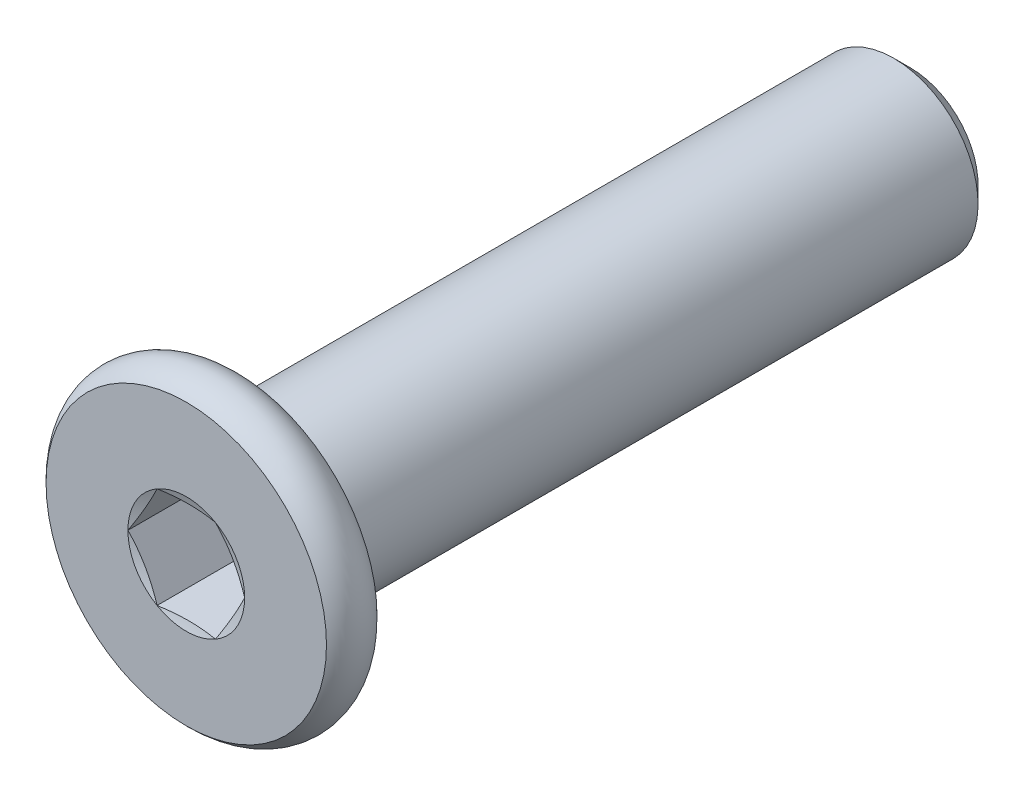
ISO-10303-21;
HEADER;
FILE_DESCRIPTION(('STEP AP214'),'2;1');
FILE_NAME('part.step','',(''),(''),'','','');
FILE_SCHEMA(('AUTOMOTIVE_DESIGN { 1 0 10303 214 1 1 1 1 }'));
ENDSEC;
DATA;
#1=APPLICATION_CONTEXT('core data for automotive mechanical design processes');
#2=APPLICATION_PROTOCOL_DEFINITION('international standard','automotive_design',2000,#1);
#3=PRODUCT_CONTEXT('',#1,'mechanical');
#4=PRODUCT('Part','Part','',(#3));
#5=PRODUCT_RELATED_PRODUCT_CATEGORY('part','',(#4));
#6=PRODUCT_DEFINITION_FORMATION('','',#4);
#7=PRODUCT_DEFINITION_CONTEXT('part definition',#1,'design');
#8=PRODUCT_DEFINITION('design','',#6,#7);
#9=PRODUCT_DEFINITION_SHAPE('','',#8);
#10=(LENGTH_UNIT() NAMED_UNIT(*) SI_UNIT(.MILLI.,.METRE.));
#11=(NAMED_UNIT(*) PLANE_ANGLE_UNIT() SI_UNIT($,.RADIAN.));
#12=(NAMED_UNIT(*) SI_UNIT($,.STERADIAN.) SOLID_ANGLE_UNIT());
#13=UNCERTAINTY_MEASURE_WITH_UNIT(LENGTH_MEASURE(1.E-05),#10,'distance_accuracy_value','');
#14=(GEOMETRIC_REPRESENTATION_CONTEXT(3) GLOBAL_UNCERTAINTY_ASSIGNED_CONTEXT((#13)) GLOBAL_UNIT_ASSIGNED_CONTEXT((#10,
#11,#12)) REPRESENTATION_CONTEXT('',''));
#15=CARTESIAN_POINT('',(0.,0.,0.));
#16=DIRECTION('',(0.,0.,1.));
#17=DIRECTION('',(1.,0.,0.));
#18=AXIS2_PLACEMENT_3D('',#15,#16,#17);
#19=CARTESIAN_POINT('',(0.,0.,19.6597066666667));
#20=DIRECTION('',(0.,0.,1.));
#21=DIRECTION('',(1.,0.,0.));
#22=AXIS2_PLACEMENT_3D('',#19,#20,#21);
#23=SPHERICAL_SURFACE('',#22,5.14970666666667);
#24=CARTESIAN_POINT('',(0.,1.49995599935464,19.6597066666667));
#25=DIRECTION('',(0.,1.,0.));
#26=DIRECTION('',(0.,0.,1.));
#27=AXIS2_PLACEMENT_3D('',#24,#25,#26);
#28=CIRCLE('',#27,4.92641966875652);
#29=CARTESIAN_POINT('',(0.866,1.49995599935464,14.81));
#30=VERTEX_POINT('',#29);
#31=CARTESIAN_POINT('',(-0.866,1.49995599935464,14.81));
#32=VERTEX_POINT('',#31);
#33=EDGE_CURVE('E142',#30,#32,#28,.T.);
#34=ORIENTED_EDGE('',*,*,#33,.F.);
#35=CARTESIAN_POINT('',(0.,0.,14.81));
#36=DIRECTION('',(0.,0.,-1.));
#37=DIRECTION('',(0.,1.,0.));
#38=AXIS2_PLACEMENT_3D('',#35,#36,#37);
#39=CIRCLE('',#38,1.732);
#40=EDGE_CURVE('E170',#32,#30,#39,.T.);
#41=ORIENTED_EDGE('',*,*,#40,.F.);
#42=EDGE_LOOP('',(#34,#41));
#43=FACE_BOUND('',#42,.T.);
#44=ADVANCED_FACE('F16',(#43),#23,.F.);
#45=CARTESIAN_POINT('',(0.,0.,19.6597066666667));
#46=DIRECTION('',(0.,0.,1.));
#47=DIRECTION('',(1.,0.,0.));
#48=AXIS2_PLACEMENT_3D('',#45,#46,#47);
#49=SPHERICAL_SURFACE('',#48,5.14970666666667);
#50=CARTESIAN_POINT('',(0.,0.,14.81));
#51=DIRECTION('',(0.,0.,-1.));
#52=DIRECTION('',(0.,1.,0.));
#53=AXIS2_PLACEMENT_3D('',#50,#51,#52);
#54=CIRCLE('',#53,1.732);
#55=CARTESIAN_POINT('',(1.732,0.,14.81));
#56=VERTEX_POINT('',#55);
#57=CARTESIAN_POINT('',(0.866,-1.49995599935465,14.81));
#58=VERTEX_POINT('',#57);
#59=EDGE_CURVE('E126',#56,#58,#54,.T.);
#60=ORIENTED_EDGE('',*,*,#59,.F.);
#61=CARTESIAN_POINT('',(1.299,-0.749977999677325,19.6597066666667));
#62=DIRECTION('',(0.866025403784439,-0.5,0.));
#63=DIRECTION('',(0.,0.,-1.));
#64=AXIS2_PLACEMENT_3D('',#61,#62,#63);
#65=CIRCLE('',#64,4.92641966875652);
#66=EDGE_CURVE('E110',#58,#56,#65,.T.);
#67=ORIENTED_EDGE('',*,*,#66,.F.);
#68=EDGE_LOOP('',(#60,#67));
#69=FACE_BOUND('',#68,.T.);
#70=ADVANCED_FACE('F223',(#69),#49,.F.);
#71=CARTESIAN_POINT('',(0.,0.,19.6597066666667));
#72=DIRECTION('',(0.,0.,1.));
#73=DIRECTION('',(1.,0.,0.));
#74=AXIS2_PLACEMENT_3D('',#71,#72,#73);
#75=SPHERICAL_SURFACE('',#74,5.14970666666667);
#76=CARTESIAN_POINT('',(0.,0.,14.81));
#77=DIRECTION('',(0.,0.,-1.));
#78=DIRECTION('',(0.,1.,0.));
#79=AXIS2_PLACEMENT_3D('',#76,#77,#78);
#80=CIRCLE('',#79,1.732);
#81=CARTESIAN_POINT('',(-0.866,-1.49995599935465,14.81));
#82=VERTEX_POINT('',#81);
#83=EDGE_CURVE('E131',#58,#82,#80,.T.);
#84=ORIENTED_EDGE('',*,*,#83,.F.);
#85=CARTESIAN_POINT('',(0.,-1.49995599935465,19.6597066666667));
#86=DIRECTION('',(0.,-1.,0.));
#87=DIRECTION('',(0.,0.,-1.));
#88=AXIS2_PLACEMENT_3D('',#85,#86,#87);
#89=CIRCLE('',#88,4.92641966875652);
#90=EDGE_CURVE('E96',#82,#58,#89,.T.);
#91=ORIENTED_EDGE('',*,*,#90,.F.);
#92=EDGE_LOOP('',(#84,#91));
#93=FACE_BOUND('',#92,.T.);
#94=ADVANCED_FACE('F219',(#93),#75,.F.);
#95=CARTESIAN_POINT('',(0.,0.,19.6597066666667));
#96=DIRECTION('',(0.,0.,1.));
#97=DIRECTION('',(1.,0.,0.));
#98=AXIS2_PLACEMENT_3D('',#95,#96,#97);
#99=SPHERICAL_SURFACE('',#98,5.14970666666667);
#100=CARTESIAN_POINT('',(0.,0.,14.81));
#101=DIRECTION('',(0.,0.,-1.));
#102=DIRECTION('',(0.,1.,0.));
#103=AXIS2_PLACEMENT_3D('',#100,#101,#102);
#104=CIRCLE('',#103,1.732);
#105=CARTESIAN_POINT('',(-1.732,0.,14.81));
#106=VERTEX_POINT('',#105);
#107=EDGE_CURVE('E162',#82,#106,#104,.T.);
#108=ORIENTED_EDGE('',*,*,#107,.F.);
#109=CARTESIAN_POINT('',(-1.299,-0.749977999677326,19.6597066666667));
#110=DIRECTION('',(-0.866025403784439,-0.5,0.));
#111=DIRECTION('',(0.,0.,-1.));
#112=AXIS2_PLACEMENT_3D('',#109,#110,#111);
#113=CIRCLE('',#112,4.92641966875652);
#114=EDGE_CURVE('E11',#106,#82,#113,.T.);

## What to work on
Restate each line from the start of the listing through the line bearing "#12=(NAMED_UNIT(*) SI_UNIT($,.STERADIAN.) SOLID_ANGLE_UNIT());" word for word. Drop the pictures.

## Task answer
ISO-10303-21;
HEADER;
FILE_DESCRIPTION(('STEP AP214'),'2;1');
FILE_NAME('part.step','',(''),(''),'','','');
FILE_SCHEMA(('AUTOMOTIVE_DESIGN { 1 0 10303 214 1 1 1 1 }'));
ENDSEC;
DATA;
#1=APPLICATION_CONTEXT('core data for automotive mechanical design processes');
#2=APPLICATION_PROTOCOL_DEFINITION('international standard','automotive_design',2000,#1);
#3=PRODUCT_CONTEXT('',#1,'mechanical');
#4=PRODUCT('Part','Part','',(#3));
#5=PRODUCT_RELATED_PRODUCT_CATEGORY('part','',(#4));
#6=PRODUCT_DEFINITION_FORMATION('','',#4);
#7=PRODUCT_DEFINITION_CONTEXT('part definition',#1,'design');
#8=PRODUCT_DEFINITION('design','',#6,#7);
#9=PRODUCT_DEFINITION_SHAPE('','',#8);
#10=(LENGTH_UNIT() NAMED_UNIT(*) SI_UNIT(.MILLI.,.METRE.));
#11=(NAMED_UNIT(*) PLANE_ANGLE_UNIT() SI_UNIT($,.RADIAN.));
#12=(NAMED_UNIT(*) SI_UNIT($,.STERADIAN.) SOLID_ANGLE_UNIT());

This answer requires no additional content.